Agtonomy: Farming-as-a-Service Alleviates Extreme Labor Shortages

Jennifer Gill Roberts
3 min readJan 20, 2022

Over the centuries, farmers have had to adapt to a variety of challenges, from weather to infestations. Small farmers, about 80% of farmers globally, have shouldered much of the burden. Today’s farmers face a perfect storm of not only climate change, soil erosion, and depleting fresh water reserves, but also extreme labor shortages.

Skilled labor costs have continued to climb, particularly in rural areas, where labor is increasingly unavailable due to access to “remote” jobs and a continued migration to urban environments. The average age of an agricultural operator is 59. As operators retire, fewer young farmers are filling these shoes. Farmers under the age of 35 account for 9% of the total population (source: AgAmerica Lending).

We are also facing a looming food crisis. The United Nations Sustainable Development Goals states:

“If we are to nourish the more than 690 million people who are hungry today — and the additional 2 billion people the world will have by 2050. Increasing agricultural productivity and sustainable food production are crucial to help alleviate the perils of hunger.”

Sustainability is another challenge. Off road agricultural equipment released about 100,000 metric tons of carbon dioxide equivalent in 2019 (source: EPA). This is equal to 11.2 million gallons of gasoline consumption, or 110 million pounds of coal burned. Older diesel-powered tractors spew pollutants like particulate matter and carbon monoxide, enough to visibly dirty the air around them.

These challenges demand that farmers increase farm productivity, reduce greenhouse gas emissions, and inspire local production. A renewed focus on local farming with autonomy and electrified farming equipment is a clear solution. It’s quite another to equip both a large tractor ($500K) and a small tractor ($50K) with the same advanced technology.
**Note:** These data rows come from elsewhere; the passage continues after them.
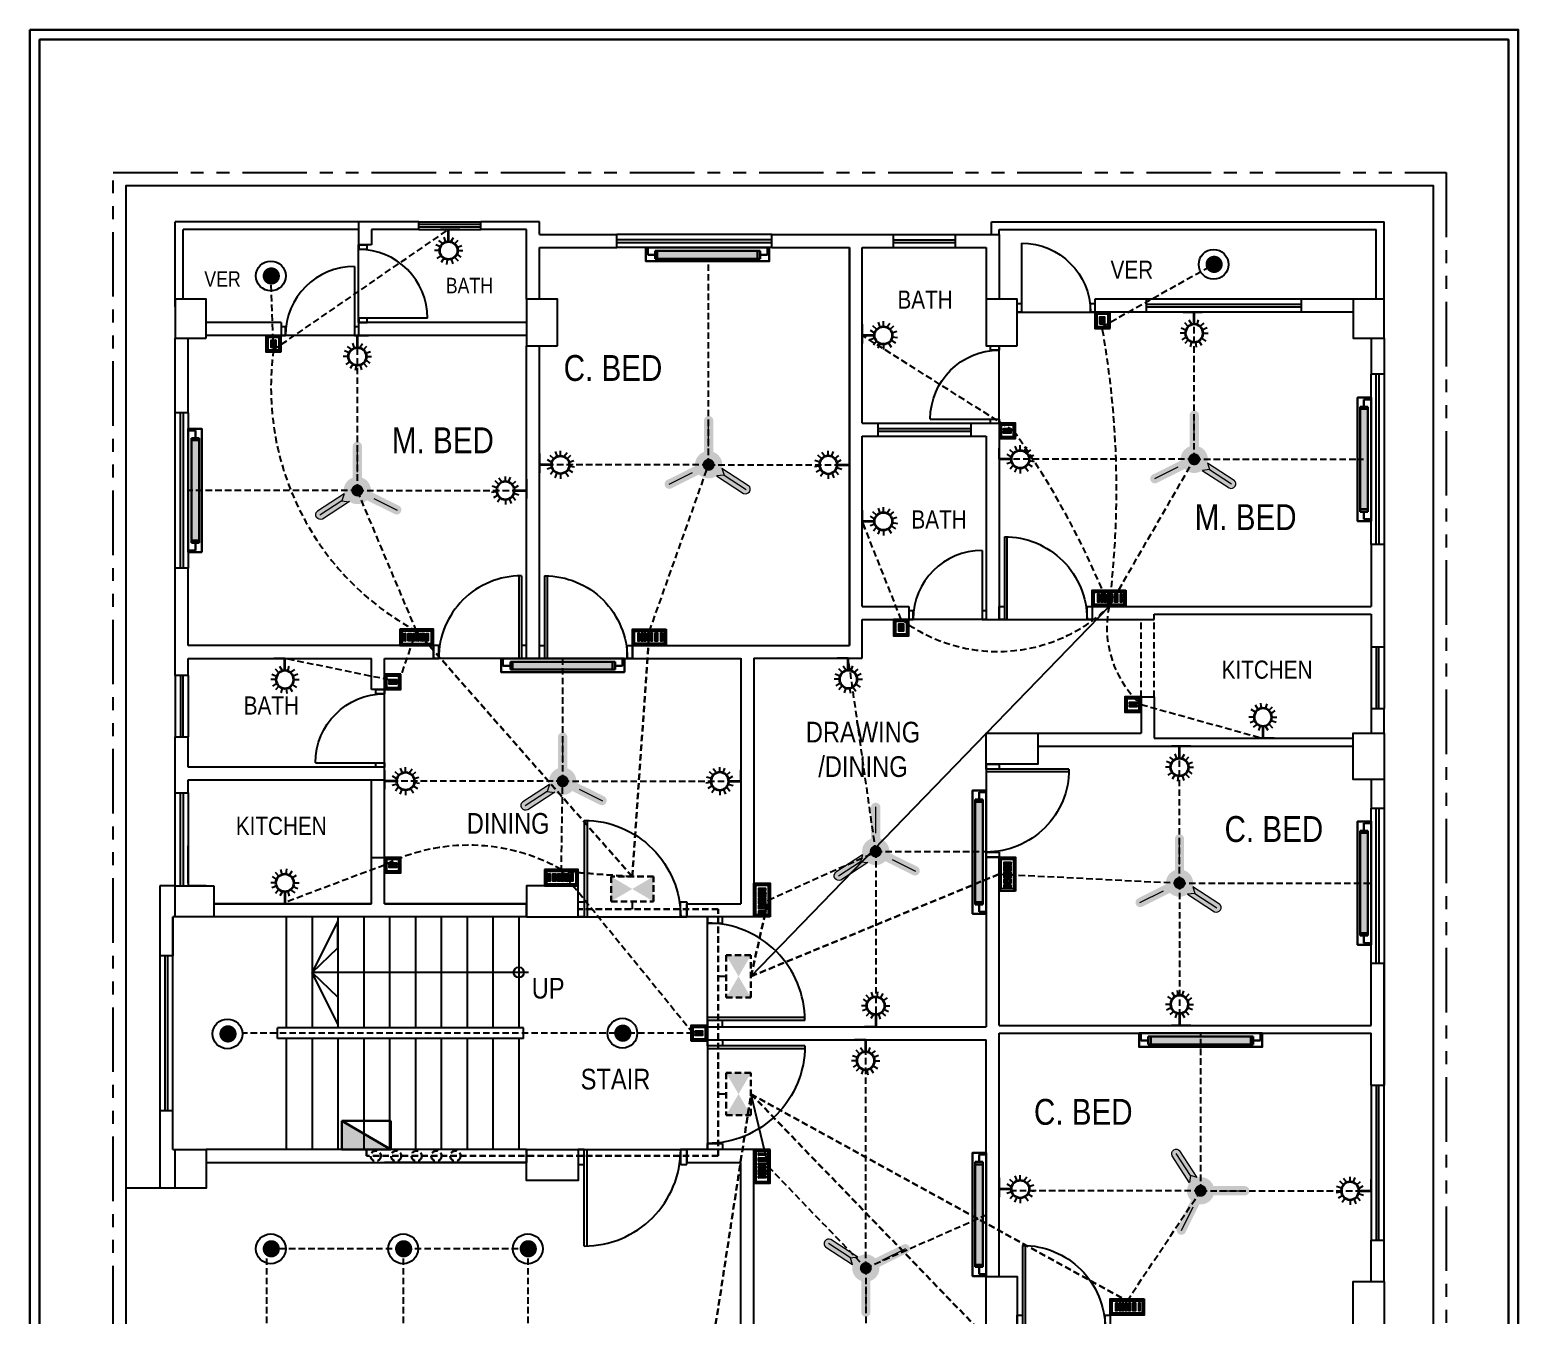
# Model space of a CAD drawing. Header units: inches. Extents: x -159432 to -126829, y -44881 to -40109.
# Drawn here: x -134476 to -133899, y -42230 to -41733 of the extents above; entities that cross this region are included whole.
import ezdxf

# ---------------------------------------------------------------- set-up
doc = ezdxf.new("R2010")
doc.units = ezdxf.units.IN
doc.header["$LTSCALE"] = 10
doc.header["$MEASUREMENT"] = 0
for name, pattern in [('ACAD_ISO03W100', [30, 12, -18]), ('DASHED2', [0.375, 0.25, -0.125]), ('HIDDEN', [0.375, 0.25, -0.125]), ('PHANTOMX2', [5, 2.5, -0.5, 0.5, -0.5, 0.5, -0.5]), ('Solid', [0])]:
    doc.linetypes.add(name, pattern=pattern)
doc.layers.get('0').update_dxf_attribs({"color": 140, "lineweight": 25})
for name, color, linetype, lineweight in [('BADHON WIN-1', 10, 'Continuous', 35), ('BOUNDERY', 32, 'PHANTOMX2', 25), ('COLUM', 10, 'Continuous', 25), ('DIM', 6, 'Continuous', 25), ('Dim-1', 7, 'Continuous', 13), ('door', 123, 'Continuous', 25), ('hatch', 141, 'Continuous', 30), ('Layer1', 25, 'HIDDEN', 25), ('Layer2', 160, 'HIDDEN', 25), ('Layout3', 222, 'HIDDEN', 30), ('line', 134, 'Continuous', 30), ('Raline', 185, 'Continuous', 30), ('SL', 14, 'Continuous', 30), ('SS', 3, 'Continuous', 20), ('Stair', 135, 'Continuous', 25), ('TEXT', 6, 'Continuous', 25), ('TREE', 8, 'Continuous', 30), ('wall', 7, 'Continuous', 25), ('win', 143, 'Continuous', 25)]:
    doc.layers.add(name, color=color, linetype=linetype, lineweight=lineweight)
doc.styles.add('arn', font='ARIALN.TTF')

# ---------------------------------------------------------------- blocks, each defined once
blk = doc.blocks.new('FAN')
at = {"layer": 'line'}
h = blk.add_hatch(color=256, dxfattribs=at)
h.paths.add_polyline_path([(0, 7.14), (-1.8, 4.97, -0.175801), (1.8, 4.97)])
h.paths.add_polyline_path([(-6.35, -3.07), (-3.81, -3.67, -0.164914), (-5.25, -0.6)])
h.paths.add_polyline_path([(5.96, -4), (5.12, -1.31, -0.175846), (3.09, -4.29), (3.16, -4.33)])
at = {"layer": 'TREE'}
h = blk.add_hatch(color=102, dxfattribs=at)
h.set_gradient(color1=(22, 194, 68), color2=(172, 207, 0), tint=0.41, name='INVCYLINDER')
h.paths.add_polyline_path([(1.8, 17.3, 0.87787), (-1.8, 17.3), (-1.8, 4.97), (0, 7.14), (1.8, 4.97)])
h = blk.add_hatch(color=102, dxfattribs=at)
h.set_gradient(color1=(22, 194, 68), color2=(172, 207, 0), tint=0.41, name='INVCYLINDER')
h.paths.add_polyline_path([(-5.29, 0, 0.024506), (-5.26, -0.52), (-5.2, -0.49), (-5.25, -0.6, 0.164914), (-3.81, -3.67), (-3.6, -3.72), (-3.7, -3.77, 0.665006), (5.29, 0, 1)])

This is exactly what Agtonomy has set out to do.

Announcing our Investment in Agtonomy

Grit Ventures is pleased to announce our investment in Agtonomy’s recent seed round. Agtonomy, a hybrid autonomy and tele-assist farming-as-a-service platform, has raised an additional $5 million in Seed II funding from strategic and venture investors Toyota Ventures, Flybridge, Hampton VC, E²JDJ and Momenta, for a total of $9 million in seed funding to date. Grit led the Seed I round and Jennifer Roberts serves on the board.

What Agtonomy is Doing

Agtonomy is developing a next generation all-terrain autonomous vehicle and service platform to tackle the challenge of agricultural labor shortages and rising costs in farming. The service-based business model combines manual, tele-operate and autonomous modes for Farming-as-a-Service. Initial pilots are focused on steep slope use cases, including vineyards and fire prevention maintenance, and will eventually include specialty crop maintenance and large scale property maintenance.

Why We are Impressed

The founders and technical team at Agtonomy are truly exceptional. The founders, Tim Bucher and Val Syme are repeat entrepreneurs with a history of successful collaboration. Farming is personal for the co-founder and CEO of Agtonomy, Tim Bucher. Tim grew up on a dairy farm and has run his own farm, Trattore Farms, for decades. He is one of Silicon Valley’s most prolific and successful founders, having served as an executive at technology market leaders including Apple, Microsoft and Seagate.

When I asked Tim why he felt driven to solve the local agriculture challenge, he said,

“Autonomous passenger transportation and autonomous food delivery technologies are what I call ‘conveniences.’ Our mission at Agtonomy is not to use technology to create convenient services, but rather to create services that are a global necessity such as helping to solve the labor shortage in local agriculture so that good food is available to everyone.”

Agtonomy is pioneering autonomous electric vehicles, alongside a new business model to help local farmers. Agtonomy is essentially the “On-star service” across multiple platforms: Farming-as-a-Service including mowing, precision weeding, spraying, and on.

At Grit, we believe the time for Clean Machine Revolution is now.

The Clean Machine Revolution is the next wave of innovation in America, rooted in deep technology. The stakes are high, and the economic opportunity virtually unlimited. The very real problems of supply chain security, labor shortages, American innovation competitiveness and climate change require new solutions and a fresh perspective — driven by entrepreneurs, venture capital, and importantly, emerging managers.

Welcome to the Grit portfolio, Agtonomy!